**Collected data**
========================================

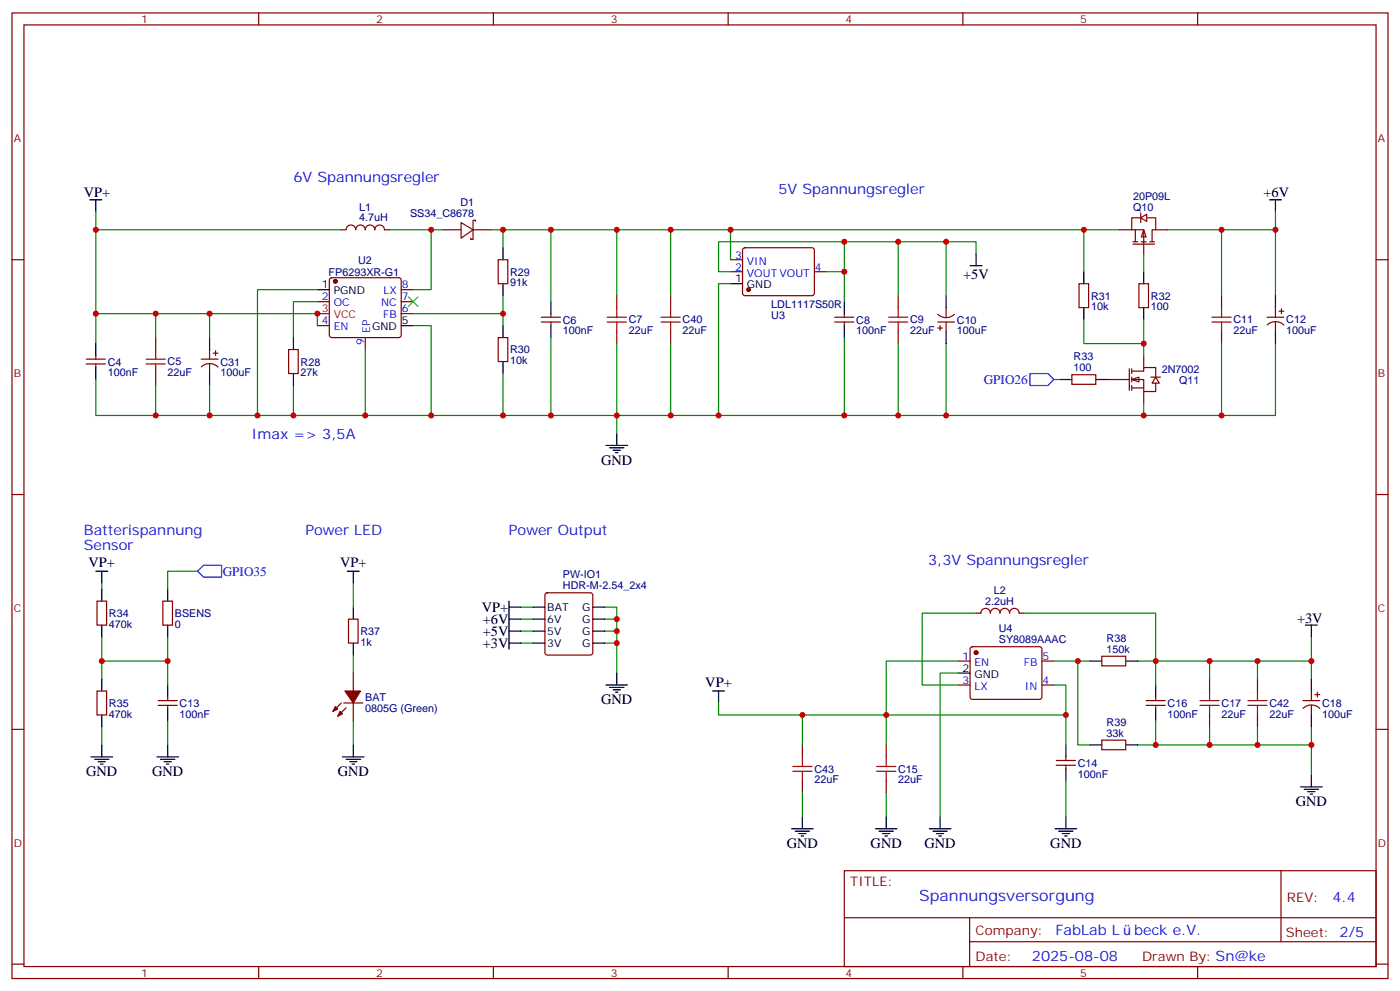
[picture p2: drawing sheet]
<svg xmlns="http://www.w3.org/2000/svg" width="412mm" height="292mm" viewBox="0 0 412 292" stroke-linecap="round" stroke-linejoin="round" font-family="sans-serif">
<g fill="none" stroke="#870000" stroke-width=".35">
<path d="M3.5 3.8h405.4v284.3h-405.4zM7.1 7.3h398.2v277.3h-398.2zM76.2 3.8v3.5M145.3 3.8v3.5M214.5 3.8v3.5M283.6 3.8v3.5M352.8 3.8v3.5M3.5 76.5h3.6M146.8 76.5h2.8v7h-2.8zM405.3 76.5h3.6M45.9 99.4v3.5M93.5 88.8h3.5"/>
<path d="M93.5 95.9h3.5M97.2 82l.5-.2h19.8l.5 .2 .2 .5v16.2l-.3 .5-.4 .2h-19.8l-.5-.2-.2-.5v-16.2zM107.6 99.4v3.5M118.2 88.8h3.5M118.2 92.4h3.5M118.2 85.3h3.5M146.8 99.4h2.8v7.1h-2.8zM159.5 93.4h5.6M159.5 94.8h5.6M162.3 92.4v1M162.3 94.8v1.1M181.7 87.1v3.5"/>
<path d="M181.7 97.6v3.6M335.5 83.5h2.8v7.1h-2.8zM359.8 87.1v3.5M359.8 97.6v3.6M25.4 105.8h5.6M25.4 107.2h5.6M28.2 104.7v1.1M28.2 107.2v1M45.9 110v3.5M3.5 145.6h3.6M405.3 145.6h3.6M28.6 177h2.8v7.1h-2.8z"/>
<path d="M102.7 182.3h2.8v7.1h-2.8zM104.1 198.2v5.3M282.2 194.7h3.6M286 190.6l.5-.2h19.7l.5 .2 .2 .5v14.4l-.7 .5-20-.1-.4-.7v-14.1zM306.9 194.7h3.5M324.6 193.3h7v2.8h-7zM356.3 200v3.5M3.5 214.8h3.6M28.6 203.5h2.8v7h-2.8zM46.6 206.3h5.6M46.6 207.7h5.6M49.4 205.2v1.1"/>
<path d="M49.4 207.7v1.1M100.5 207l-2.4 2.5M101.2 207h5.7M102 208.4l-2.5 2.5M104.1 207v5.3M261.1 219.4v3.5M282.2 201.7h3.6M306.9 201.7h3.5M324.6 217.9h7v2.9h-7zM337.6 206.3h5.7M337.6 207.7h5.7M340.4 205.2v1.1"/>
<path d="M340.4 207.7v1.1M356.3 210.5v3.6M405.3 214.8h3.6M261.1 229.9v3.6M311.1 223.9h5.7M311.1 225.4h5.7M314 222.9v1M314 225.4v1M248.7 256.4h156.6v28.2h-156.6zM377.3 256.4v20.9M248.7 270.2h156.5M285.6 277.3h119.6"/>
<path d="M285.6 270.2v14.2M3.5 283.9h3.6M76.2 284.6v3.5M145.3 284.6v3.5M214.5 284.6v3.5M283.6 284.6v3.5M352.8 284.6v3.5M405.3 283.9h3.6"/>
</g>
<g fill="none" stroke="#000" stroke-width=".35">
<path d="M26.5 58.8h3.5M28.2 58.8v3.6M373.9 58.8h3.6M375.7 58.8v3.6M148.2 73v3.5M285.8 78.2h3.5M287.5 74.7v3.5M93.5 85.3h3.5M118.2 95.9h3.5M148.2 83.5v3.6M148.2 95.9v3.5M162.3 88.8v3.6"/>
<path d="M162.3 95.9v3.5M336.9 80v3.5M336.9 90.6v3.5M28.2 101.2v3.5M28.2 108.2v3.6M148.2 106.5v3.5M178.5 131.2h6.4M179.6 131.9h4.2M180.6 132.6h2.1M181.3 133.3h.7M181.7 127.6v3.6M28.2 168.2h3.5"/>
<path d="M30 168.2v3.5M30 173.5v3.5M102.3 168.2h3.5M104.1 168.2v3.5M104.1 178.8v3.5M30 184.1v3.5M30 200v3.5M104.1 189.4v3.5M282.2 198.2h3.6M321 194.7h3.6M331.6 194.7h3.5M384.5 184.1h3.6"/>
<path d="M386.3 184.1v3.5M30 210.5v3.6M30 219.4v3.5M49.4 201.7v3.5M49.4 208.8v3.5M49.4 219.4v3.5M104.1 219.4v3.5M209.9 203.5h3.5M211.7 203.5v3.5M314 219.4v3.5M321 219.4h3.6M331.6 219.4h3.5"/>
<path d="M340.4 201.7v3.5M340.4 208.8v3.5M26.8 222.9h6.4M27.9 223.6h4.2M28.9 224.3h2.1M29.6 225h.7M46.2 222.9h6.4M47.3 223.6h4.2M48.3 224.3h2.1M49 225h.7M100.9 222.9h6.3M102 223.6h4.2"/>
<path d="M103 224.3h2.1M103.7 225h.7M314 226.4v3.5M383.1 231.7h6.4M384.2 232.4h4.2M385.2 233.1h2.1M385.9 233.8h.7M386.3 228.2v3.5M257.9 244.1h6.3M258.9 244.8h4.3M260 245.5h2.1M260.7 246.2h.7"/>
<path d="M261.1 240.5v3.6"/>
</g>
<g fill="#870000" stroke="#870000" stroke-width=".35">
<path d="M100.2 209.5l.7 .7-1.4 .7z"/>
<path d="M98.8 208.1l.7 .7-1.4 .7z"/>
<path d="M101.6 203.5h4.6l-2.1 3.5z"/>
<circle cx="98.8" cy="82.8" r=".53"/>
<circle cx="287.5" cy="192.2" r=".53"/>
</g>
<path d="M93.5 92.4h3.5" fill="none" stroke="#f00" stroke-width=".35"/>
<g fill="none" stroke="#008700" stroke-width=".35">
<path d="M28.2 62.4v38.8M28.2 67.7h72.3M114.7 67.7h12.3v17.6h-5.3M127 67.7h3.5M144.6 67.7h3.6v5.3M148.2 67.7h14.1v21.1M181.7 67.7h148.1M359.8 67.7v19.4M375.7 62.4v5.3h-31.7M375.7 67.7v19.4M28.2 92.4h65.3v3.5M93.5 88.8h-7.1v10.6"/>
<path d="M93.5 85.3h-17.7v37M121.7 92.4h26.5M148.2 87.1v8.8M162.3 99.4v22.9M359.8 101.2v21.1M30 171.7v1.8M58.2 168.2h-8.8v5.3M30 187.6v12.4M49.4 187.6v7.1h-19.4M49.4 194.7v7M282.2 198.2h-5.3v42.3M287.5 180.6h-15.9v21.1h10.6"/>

========================================

Every line above that contains the word "circle" should be reported.

<circle cx="98.8" cy="82.8" r=".53"/>
<circle cx="287.5" cy="192.2" r=".53"/>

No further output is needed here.